I went to my scheduled doctor's appointment today. It's a routine diabetes appointment to see how I'm doing with blood sugars, etc. Whenever I go to see her, I seem to have a list of honey-do items. First, my blood sugar has been good and not good. I have gone in this cycle of a little high to really high in the morning and then, by the time I have dinner, I'm super low if I have exercised. And when it's low, I eat glucose or something else to get it up. My doctor is concerned and said I may need to stop doing Jenny Craig. She's going to have me work with a diabetes nurse specialist to monitor me and see what we can do to work with it. I really want to continue because I do like the personal accountability to another person. If Kaiser (my insurance plan) can offer me something similar for the same price, I would do that with them but I just don't know if that's an option. I think I'll talk to the specialist about it when we chat.
While with my doctor, I talked to her about two other issues as well - the pain in my leg and G.I. issues I have been having. In regards to the leg pain, I told her it's been a year and a half and I have been trying to push through the pain but it practically puts me in tears when I'm exercising and it was not better at even my lightest weight. We reviewed my records and I have had blood work, saw a physical medicine doctor, did physical therapy, got tested with a neurologist, saw a rheumatologist and underwent a year of work with an acupuncturist. We've obviously tried a lot but I told her it's just awful to live with. People who see me walking down the hallway at work don't know the pain I go through because I seem to mask it pretty well. Trust me, though, it's very painful. So she has advised me to see the physical medicine doctor again to go to the next level. That might include a MRI or more but that will be up to the physical medicine doctor.
Then, we talked about my G.I. issues. Without going into too much detail because it's way beyond TMI, I had seen a G.I. specialist a few months ago, almost went into surgery until we found another solution and am still having some issues. Looking at the notes from that specialist, my doctor told me I now need to go back to her because that original doctor wanted to do a colonoscopy on me if things have not gotten better. From the people I know who have had it, the worst part of a colonoscopy is the preparation for it because they pretty much knock you out for the procedure but the couple of days beforehand are hard. Oh joy!
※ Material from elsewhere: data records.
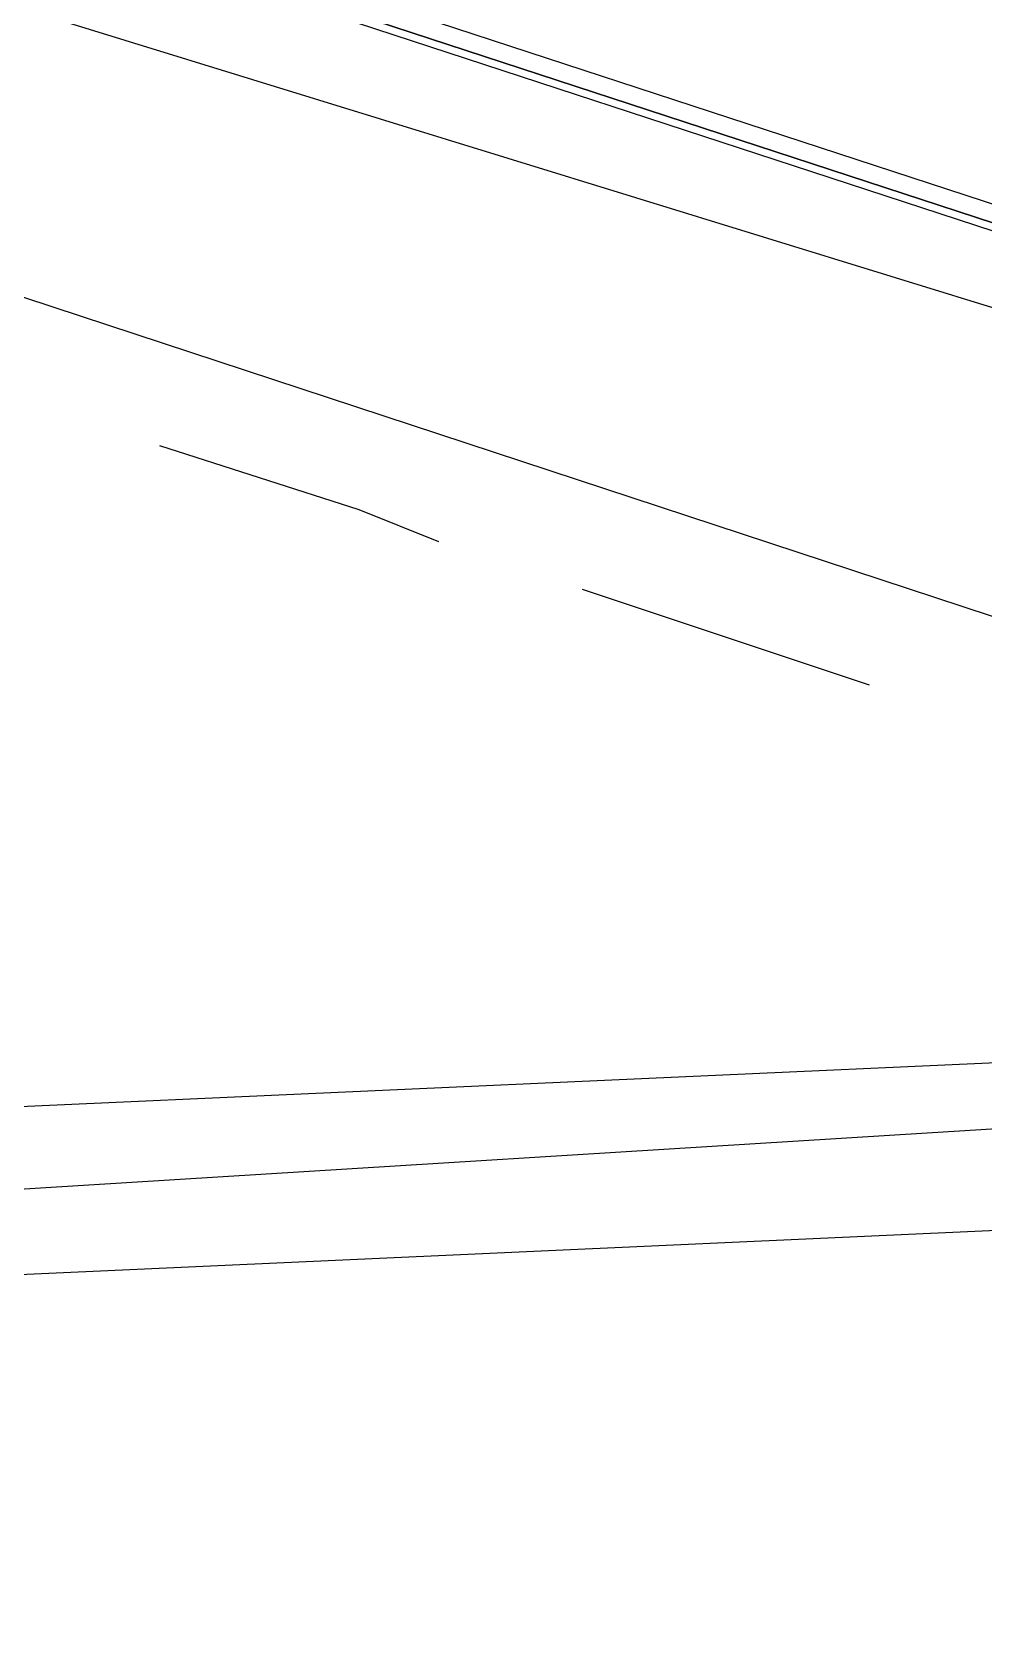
# Model space of a CAD drawing. Header units: feet. Extents: x -84 to 198, y -22 to 181.
# Drawn here: x 120.333 to 121.924, y 146.136 to 148.829 of the extents above; entities that cross this region are included whole.
import ezdxf

# ---------------------------------------------------------------- set-up
doc = ezdxf.new("R2010")
doc.units = ezdxf.units.FT
doc.layers.add('A-AREA-UNIDAD', color=30, linetype='CONTINUOUS')
doc.layers.add('A-LINEA', color=7, linetype='CONTINUOUS')

msp = doc.modelspace()

# ---------------------------------------------------------------- linework, layer by layer
at = {"layer": 'A-AREA-UNIDAD'}
msp.add_lwpolyline([(134, 143.5378), (130.912, 144.9422), (130.4, 144.9422), (130.208, 145.2622), (127.168, 146.4889), (126.672, 146.4889), (126.64, 146.7022), (123.52, 147.8578), (122.88, 147.8933), (122.848, 148.0889), (115.808, 150.2578), (115.2, 150.2578), (115.168, 150.4178), (111.328, 151.2178), (111.28, 151.3778), (104, 152.7289), (99.072, 153.3689), (92.192, 153.9022), (87.92, 153.9733)], dxfattribs=at)
at = {"layer": 'A-LINEA'}
for p, q in [((122.8533, 147.5511), (119.3333, 148.7111)), ((122.8533, 147.5511), (119.3333, 148.7111)), ((137.3218, 147.95), (37.3544, 141.7506)), ((137.3218, 147.95), (37.3544, 141.7506)), ((121.7333, 147.7378), (121.2533, 147.8978)), ((121.7333, 147.7378), (121.2533, 147.8978)), ((137.2414, 147.8002), (39.8639, 143.3866)), ((137.2414, 147.8002), (39.8639, 143.3866)), ((137.0738, 147.512), (40.0569, 143.1148)), ((137.0738, 147.512), (40.0569, 143.1148))]:
    msp.add_line(p, q, dxfattribs=at)
for points in [[(123.1733, 148.1378), (119.4267, 149.3644), (119.4133, 149.3644), (119.4133, 149.3511), (119.4133, 149.3378), (123.16, 148.1111), (123.16, 148.1244), (123.1733, 148.1378)], [(123.1733, 148.1378), (119.4267, 149.3644), (119.4133, 149.3644), (119.4133, 149.3511), (119.4133, 149.3378), (123.16, 148.1111), (123.16, 148.1244), (123.1733, 148.1378)], [(123.16, 148.1111), (119.4133, 149.3378), (119.4133, 149.3244), (123.16, 148.0978), (123.16, 148.1111)], [(123.16, 148.1111), (119.4133, 149.3378), (119.4133, 149.3244), (123.16, 148.0978), (123.16, 148.1111)], [(121.0133, 147.9778), (120.88, 148.0311), (120.5467, 148.1378)], [(121.0133, 147.9778), (120.88, 148.0311), (120.5467, 148.1378)]]:
    msp.add_lwpolyline(points, dxfattribs=at)

doc.saveas('drawing.dxf')

For good measure, my doctor ended the appointment by telling me that I also needed to get my first mammogram. Talk about feeling completely invaded!! It actually made me chuckle at the end of the appointment because I'm also still recovering from pink eye. I looked at the doctor and gave her my best "seriously??" look. She laughed, too, and apologized. Oh well. I will do whatever it is I need to do to feel better and live as healthfully as I possibly can. I am dealing with issues of whether or not I have caused this and starting to blame myself. Then I saw the best few minutes on Dr. Oz this afternoon. I was just switching the channels but they had a woman psychologist talking about how we say awful things to ourselves by calling ourselves fat or berating ourselves in some way. Here's a link to what she said. One thing that really jumped out at me is that she said if it's not something you would say to your child or another loved one in your family, then you don't get to say it to yourself. Period. I know this takes practice and it will be a habit that's developed over time, but she is one hundred percent right about that. Why do I get to talk to myself negatively if I don't do it to other people? Obviously I'm not going to treat other people horribly so that I can treat myself that way, so the change has to be within me. This is a lifelong journey for me but a huge part of that journey is treating myself better internally. I'm totally open to that and understand deeply that the change comes from within before it can be fully developed on the outside. My problem is remembering that in the moment and not after the fact. I need to work on methods I can use to combat the negative self-talk on the occasions it does come up.